Exercise: Where a line in the listing contains the string "Memory", copy that line out.
------------------------------------------------------------
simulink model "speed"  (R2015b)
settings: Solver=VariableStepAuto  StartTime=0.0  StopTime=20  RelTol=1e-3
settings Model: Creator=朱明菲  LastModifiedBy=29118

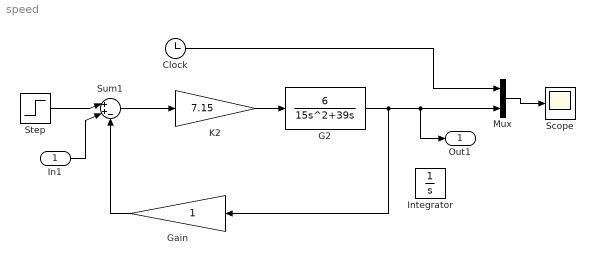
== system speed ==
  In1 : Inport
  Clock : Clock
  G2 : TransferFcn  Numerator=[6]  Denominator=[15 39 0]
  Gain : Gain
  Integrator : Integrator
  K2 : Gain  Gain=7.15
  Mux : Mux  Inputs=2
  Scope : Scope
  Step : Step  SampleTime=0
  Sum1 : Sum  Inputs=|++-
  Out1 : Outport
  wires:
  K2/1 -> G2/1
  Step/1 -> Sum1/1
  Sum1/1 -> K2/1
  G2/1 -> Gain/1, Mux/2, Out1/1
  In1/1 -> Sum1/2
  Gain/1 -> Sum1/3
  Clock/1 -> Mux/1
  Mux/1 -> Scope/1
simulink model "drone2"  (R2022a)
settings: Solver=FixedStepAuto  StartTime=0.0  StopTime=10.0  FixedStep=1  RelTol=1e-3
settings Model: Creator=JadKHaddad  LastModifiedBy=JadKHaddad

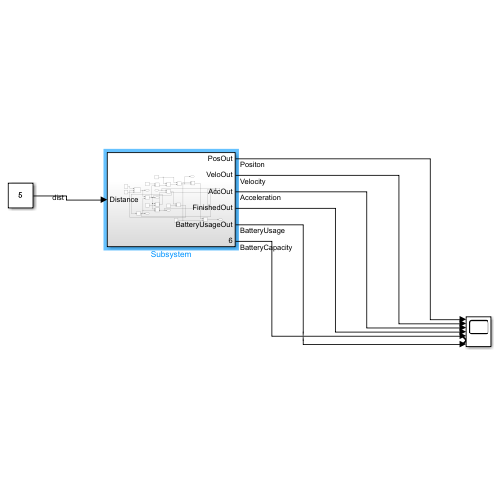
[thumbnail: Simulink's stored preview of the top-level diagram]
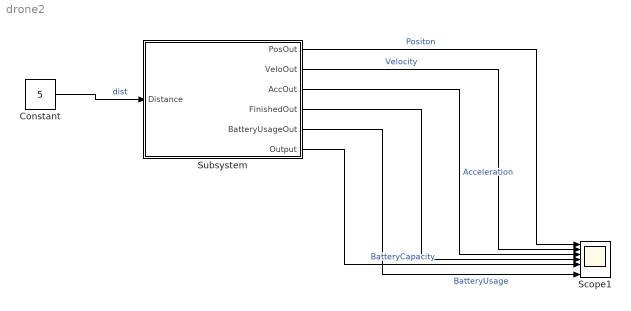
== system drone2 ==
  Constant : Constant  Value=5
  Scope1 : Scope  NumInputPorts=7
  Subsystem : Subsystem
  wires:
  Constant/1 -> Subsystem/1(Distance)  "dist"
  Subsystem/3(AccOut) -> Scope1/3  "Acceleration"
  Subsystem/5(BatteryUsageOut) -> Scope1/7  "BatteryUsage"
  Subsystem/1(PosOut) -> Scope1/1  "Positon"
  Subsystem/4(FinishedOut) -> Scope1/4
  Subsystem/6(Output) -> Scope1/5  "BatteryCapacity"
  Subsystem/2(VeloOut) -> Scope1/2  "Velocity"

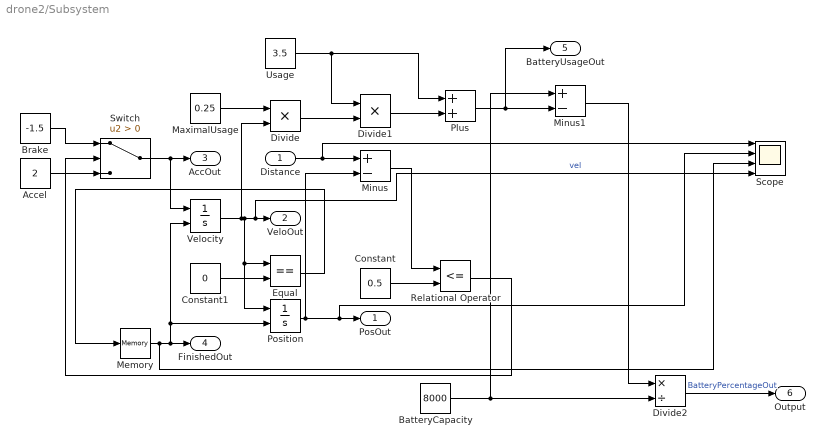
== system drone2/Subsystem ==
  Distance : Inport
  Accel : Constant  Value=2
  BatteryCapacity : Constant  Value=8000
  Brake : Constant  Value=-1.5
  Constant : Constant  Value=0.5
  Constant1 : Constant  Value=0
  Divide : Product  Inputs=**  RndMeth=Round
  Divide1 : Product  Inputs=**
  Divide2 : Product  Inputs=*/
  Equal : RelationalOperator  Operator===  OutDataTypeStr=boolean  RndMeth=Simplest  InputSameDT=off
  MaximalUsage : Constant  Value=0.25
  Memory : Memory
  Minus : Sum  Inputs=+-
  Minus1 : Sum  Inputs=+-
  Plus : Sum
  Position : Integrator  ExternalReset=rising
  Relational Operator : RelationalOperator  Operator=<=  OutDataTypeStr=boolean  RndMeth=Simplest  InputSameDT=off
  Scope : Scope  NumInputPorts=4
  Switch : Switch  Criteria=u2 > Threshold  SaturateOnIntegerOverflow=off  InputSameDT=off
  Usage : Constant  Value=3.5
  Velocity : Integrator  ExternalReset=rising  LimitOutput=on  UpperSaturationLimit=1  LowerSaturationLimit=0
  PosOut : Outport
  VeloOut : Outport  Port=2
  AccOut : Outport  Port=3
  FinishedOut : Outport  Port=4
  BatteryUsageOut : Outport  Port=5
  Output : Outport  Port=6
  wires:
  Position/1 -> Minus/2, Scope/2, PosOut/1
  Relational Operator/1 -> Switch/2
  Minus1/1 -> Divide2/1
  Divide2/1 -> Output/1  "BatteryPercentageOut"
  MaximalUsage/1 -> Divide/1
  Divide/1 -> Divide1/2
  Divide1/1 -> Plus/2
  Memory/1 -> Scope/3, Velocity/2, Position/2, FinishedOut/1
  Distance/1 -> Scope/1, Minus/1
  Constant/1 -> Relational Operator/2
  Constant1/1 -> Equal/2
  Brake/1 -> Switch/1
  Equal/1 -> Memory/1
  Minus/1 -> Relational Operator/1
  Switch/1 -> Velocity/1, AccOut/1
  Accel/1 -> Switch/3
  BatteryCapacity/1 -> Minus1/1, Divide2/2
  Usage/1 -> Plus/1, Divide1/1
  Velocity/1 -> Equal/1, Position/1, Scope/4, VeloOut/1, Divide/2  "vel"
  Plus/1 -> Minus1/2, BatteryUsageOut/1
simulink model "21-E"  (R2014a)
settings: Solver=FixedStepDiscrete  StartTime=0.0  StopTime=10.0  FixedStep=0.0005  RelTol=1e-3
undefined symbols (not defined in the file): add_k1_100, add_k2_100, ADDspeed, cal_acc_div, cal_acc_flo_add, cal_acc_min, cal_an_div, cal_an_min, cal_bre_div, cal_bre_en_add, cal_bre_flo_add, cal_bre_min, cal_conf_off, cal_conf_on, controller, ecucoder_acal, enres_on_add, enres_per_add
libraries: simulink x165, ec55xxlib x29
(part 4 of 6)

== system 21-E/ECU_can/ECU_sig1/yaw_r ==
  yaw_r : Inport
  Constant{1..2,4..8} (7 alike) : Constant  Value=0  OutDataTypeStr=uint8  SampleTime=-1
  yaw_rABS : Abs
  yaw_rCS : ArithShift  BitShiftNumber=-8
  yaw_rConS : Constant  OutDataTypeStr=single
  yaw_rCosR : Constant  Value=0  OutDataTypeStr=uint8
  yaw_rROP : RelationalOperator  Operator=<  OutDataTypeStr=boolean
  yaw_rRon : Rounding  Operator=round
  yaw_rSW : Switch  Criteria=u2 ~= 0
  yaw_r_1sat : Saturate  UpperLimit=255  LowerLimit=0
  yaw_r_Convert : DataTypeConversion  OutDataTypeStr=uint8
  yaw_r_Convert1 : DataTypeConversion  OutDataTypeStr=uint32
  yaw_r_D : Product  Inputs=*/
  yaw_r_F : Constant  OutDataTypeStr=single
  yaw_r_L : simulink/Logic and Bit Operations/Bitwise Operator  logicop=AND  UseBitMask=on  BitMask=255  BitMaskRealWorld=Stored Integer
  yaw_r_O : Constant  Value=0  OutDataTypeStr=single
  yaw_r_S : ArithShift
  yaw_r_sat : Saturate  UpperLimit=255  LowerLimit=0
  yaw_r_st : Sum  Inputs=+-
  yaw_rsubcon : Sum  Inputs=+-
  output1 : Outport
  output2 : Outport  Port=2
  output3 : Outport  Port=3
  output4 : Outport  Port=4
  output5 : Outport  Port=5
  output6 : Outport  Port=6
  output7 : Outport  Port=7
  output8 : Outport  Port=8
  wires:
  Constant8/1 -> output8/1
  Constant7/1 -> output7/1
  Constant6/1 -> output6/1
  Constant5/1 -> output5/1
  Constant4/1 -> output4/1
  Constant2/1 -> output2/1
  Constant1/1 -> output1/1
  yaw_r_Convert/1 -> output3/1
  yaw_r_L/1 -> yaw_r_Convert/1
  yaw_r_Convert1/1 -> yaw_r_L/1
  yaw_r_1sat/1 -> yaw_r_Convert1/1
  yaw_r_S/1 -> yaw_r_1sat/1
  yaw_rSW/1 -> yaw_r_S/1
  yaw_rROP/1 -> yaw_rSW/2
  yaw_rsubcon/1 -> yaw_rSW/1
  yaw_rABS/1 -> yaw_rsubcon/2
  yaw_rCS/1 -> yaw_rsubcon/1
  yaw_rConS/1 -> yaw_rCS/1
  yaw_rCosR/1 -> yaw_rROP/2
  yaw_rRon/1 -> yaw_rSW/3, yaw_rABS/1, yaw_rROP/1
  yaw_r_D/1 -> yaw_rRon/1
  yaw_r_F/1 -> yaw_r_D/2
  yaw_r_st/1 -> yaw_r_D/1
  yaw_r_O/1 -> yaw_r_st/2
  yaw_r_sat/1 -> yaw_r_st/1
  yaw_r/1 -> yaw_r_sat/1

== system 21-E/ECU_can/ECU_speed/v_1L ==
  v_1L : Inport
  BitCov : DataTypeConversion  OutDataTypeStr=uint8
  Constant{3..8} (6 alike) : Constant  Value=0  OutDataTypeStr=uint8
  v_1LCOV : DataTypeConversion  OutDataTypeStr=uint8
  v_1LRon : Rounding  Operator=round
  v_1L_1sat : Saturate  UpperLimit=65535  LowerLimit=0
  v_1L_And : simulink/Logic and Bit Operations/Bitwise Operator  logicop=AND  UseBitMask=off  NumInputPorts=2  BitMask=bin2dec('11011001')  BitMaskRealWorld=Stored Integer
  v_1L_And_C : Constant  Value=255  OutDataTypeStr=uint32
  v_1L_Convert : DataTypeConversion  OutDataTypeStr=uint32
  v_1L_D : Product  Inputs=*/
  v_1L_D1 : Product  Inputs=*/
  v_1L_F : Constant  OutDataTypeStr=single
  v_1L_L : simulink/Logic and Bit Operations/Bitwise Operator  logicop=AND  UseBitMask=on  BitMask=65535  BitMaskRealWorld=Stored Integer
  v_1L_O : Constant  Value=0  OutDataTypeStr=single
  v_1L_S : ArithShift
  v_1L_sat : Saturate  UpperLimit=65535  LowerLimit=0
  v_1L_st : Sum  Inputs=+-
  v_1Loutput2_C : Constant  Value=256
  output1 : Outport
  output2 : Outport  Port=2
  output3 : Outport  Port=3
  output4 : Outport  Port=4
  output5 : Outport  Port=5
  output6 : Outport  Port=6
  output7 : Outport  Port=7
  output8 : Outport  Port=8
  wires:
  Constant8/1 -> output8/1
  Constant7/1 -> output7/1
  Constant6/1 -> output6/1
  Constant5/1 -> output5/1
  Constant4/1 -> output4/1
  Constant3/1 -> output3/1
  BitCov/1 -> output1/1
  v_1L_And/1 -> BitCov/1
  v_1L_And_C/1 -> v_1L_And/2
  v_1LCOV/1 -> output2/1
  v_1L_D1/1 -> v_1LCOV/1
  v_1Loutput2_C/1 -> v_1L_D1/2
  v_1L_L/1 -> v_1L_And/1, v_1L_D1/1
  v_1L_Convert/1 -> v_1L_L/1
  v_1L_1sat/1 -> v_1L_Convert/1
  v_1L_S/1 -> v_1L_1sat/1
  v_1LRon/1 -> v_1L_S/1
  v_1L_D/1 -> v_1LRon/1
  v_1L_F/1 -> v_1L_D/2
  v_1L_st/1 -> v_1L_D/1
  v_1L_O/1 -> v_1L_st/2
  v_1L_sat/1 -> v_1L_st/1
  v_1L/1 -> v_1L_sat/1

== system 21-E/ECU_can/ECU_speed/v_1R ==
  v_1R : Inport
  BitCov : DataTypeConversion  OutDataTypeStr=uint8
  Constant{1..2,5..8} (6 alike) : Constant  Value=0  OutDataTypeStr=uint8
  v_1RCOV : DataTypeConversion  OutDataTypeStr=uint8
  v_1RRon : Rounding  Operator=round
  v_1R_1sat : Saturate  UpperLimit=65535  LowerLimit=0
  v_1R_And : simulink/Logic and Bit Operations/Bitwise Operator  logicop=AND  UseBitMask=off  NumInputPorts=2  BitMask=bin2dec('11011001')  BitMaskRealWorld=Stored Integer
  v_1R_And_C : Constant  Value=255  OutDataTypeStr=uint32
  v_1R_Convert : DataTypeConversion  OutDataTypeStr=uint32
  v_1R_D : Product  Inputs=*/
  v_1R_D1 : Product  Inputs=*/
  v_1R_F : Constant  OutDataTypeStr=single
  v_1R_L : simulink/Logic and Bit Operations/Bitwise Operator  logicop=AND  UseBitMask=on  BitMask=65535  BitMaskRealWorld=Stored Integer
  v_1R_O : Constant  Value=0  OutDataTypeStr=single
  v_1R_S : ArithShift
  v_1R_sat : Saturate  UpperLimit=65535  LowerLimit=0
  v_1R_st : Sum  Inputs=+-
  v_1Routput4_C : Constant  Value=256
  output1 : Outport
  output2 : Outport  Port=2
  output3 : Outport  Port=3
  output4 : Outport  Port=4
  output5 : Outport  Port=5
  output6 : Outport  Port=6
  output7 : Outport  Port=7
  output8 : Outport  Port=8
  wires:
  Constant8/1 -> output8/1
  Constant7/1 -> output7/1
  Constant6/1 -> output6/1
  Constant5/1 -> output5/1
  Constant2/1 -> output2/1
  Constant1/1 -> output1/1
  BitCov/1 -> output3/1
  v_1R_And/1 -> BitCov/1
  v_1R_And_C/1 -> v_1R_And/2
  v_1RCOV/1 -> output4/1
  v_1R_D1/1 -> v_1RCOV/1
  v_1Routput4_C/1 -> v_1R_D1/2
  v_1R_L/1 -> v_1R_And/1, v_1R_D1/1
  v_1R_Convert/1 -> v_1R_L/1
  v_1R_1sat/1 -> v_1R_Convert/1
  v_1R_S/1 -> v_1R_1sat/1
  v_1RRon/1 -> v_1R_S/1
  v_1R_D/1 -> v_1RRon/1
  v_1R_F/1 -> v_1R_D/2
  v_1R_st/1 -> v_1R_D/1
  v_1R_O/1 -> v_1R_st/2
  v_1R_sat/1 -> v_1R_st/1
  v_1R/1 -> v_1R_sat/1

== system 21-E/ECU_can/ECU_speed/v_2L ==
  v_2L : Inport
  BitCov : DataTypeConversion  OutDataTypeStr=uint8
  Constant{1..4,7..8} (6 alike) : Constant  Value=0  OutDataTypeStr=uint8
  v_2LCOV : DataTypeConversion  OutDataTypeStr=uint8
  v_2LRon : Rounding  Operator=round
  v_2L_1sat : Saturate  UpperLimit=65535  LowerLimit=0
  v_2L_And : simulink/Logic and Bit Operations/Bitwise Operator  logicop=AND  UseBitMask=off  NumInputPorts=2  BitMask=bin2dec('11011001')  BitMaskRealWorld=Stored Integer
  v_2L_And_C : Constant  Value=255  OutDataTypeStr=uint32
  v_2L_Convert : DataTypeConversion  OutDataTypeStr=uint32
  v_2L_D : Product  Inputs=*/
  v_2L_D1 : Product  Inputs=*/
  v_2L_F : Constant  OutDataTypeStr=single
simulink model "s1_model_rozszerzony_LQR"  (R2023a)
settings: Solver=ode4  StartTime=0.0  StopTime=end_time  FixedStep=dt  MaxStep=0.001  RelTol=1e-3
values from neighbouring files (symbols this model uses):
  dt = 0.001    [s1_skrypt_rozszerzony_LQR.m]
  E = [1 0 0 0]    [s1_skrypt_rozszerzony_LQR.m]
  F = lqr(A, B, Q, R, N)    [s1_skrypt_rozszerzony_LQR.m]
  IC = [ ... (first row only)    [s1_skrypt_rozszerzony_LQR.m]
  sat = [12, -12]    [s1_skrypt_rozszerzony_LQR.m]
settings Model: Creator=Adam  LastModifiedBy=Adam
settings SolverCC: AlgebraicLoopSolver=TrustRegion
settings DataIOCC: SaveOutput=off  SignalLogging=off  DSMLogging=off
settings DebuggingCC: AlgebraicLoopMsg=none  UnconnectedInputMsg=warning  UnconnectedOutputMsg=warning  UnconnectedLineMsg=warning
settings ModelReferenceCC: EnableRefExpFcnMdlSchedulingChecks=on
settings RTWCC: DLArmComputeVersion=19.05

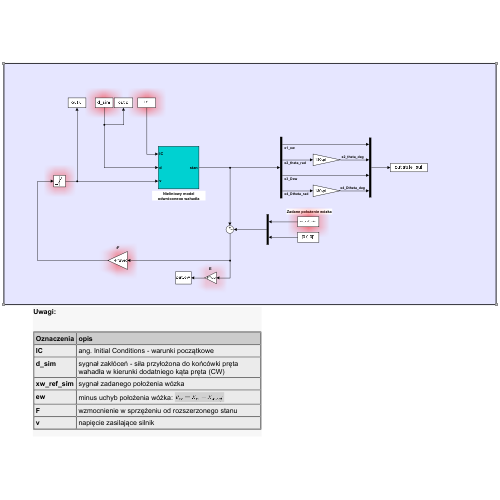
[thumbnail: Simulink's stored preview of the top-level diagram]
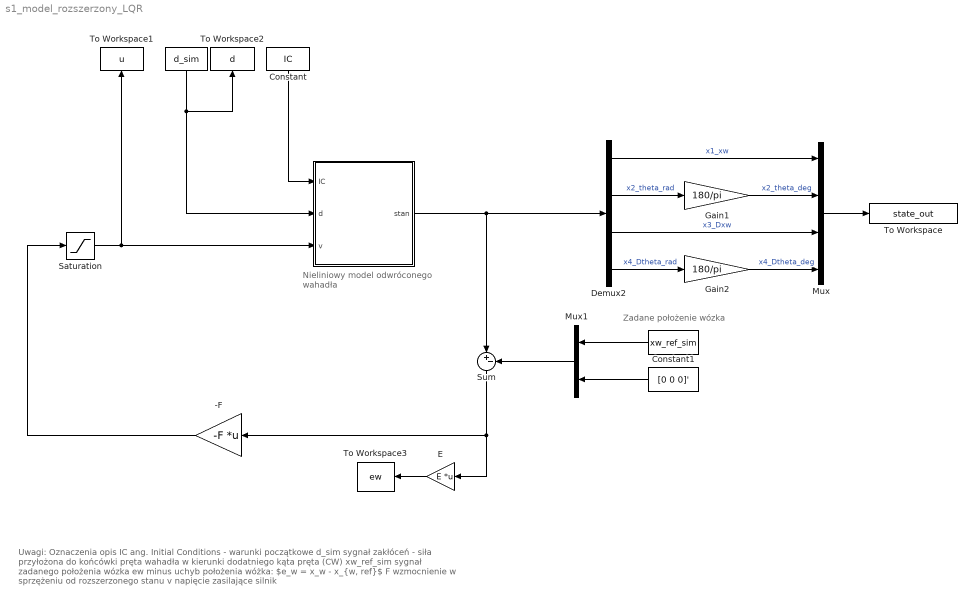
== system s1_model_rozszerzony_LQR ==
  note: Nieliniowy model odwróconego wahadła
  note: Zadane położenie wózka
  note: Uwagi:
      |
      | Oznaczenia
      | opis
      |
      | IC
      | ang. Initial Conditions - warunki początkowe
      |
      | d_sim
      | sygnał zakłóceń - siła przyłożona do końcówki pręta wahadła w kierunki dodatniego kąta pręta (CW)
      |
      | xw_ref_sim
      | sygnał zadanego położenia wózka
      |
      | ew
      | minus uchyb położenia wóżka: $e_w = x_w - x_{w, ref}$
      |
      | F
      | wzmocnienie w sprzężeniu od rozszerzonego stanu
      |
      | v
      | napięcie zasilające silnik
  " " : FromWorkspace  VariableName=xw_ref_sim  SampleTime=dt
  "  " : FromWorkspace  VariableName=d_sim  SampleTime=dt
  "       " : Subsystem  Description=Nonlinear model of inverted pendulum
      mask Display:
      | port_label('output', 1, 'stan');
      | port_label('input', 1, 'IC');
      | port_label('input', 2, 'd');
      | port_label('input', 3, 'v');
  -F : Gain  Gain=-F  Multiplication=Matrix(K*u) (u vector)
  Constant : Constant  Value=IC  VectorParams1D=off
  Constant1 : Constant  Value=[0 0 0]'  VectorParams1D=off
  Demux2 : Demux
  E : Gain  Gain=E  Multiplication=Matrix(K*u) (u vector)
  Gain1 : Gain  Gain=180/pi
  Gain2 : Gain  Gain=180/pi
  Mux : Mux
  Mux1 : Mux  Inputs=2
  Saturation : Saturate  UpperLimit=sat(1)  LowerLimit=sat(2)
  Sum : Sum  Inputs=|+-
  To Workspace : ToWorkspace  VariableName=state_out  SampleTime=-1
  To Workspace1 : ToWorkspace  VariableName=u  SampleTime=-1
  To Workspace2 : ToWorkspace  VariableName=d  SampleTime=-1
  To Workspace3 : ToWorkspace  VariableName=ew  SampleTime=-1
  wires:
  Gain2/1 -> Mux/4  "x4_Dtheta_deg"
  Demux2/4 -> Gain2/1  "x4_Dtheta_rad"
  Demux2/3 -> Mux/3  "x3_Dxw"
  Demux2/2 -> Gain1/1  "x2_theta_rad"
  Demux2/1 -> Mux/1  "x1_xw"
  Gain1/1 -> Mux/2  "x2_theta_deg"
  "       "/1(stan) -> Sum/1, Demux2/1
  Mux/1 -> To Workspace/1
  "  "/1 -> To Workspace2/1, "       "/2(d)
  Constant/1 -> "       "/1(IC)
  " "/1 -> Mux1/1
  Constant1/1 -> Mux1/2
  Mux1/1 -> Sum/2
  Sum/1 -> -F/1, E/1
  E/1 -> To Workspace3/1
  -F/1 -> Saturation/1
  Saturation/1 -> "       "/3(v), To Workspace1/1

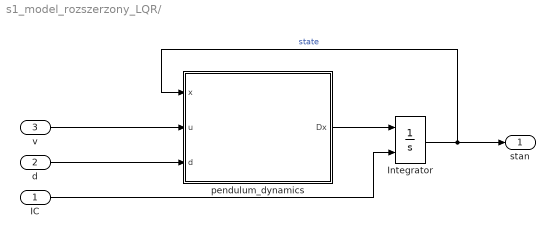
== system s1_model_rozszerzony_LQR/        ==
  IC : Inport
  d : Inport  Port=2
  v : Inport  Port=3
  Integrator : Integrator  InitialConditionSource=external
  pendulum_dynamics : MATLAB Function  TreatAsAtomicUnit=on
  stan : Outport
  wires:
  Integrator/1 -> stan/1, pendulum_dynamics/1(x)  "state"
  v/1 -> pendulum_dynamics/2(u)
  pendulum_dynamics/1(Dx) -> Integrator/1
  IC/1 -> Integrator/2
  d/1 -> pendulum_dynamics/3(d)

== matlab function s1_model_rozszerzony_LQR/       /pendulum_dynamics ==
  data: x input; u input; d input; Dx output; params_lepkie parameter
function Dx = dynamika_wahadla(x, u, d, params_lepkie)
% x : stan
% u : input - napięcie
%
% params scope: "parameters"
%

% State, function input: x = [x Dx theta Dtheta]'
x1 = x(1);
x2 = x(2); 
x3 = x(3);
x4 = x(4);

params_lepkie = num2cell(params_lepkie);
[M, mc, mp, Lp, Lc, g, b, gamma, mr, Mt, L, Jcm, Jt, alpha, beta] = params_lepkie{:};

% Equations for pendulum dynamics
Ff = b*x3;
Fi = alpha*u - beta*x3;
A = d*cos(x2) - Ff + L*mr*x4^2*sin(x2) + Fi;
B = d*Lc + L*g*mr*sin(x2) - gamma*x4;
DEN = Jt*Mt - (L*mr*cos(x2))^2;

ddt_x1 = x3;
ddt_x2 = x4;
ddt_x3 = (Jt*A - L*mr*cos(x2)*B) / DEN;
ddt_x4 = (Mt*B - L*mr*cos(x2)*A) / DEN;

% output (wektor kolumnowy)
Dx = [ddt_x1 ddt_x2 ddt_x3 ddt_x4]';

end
------------------------------------------------------------
Response for this exercise:
  Memory : Memory
  Memory/1 -> Scope/3, Velocity/2, Position/2, FinishedOut/1
  Equal/1 -> Memory/1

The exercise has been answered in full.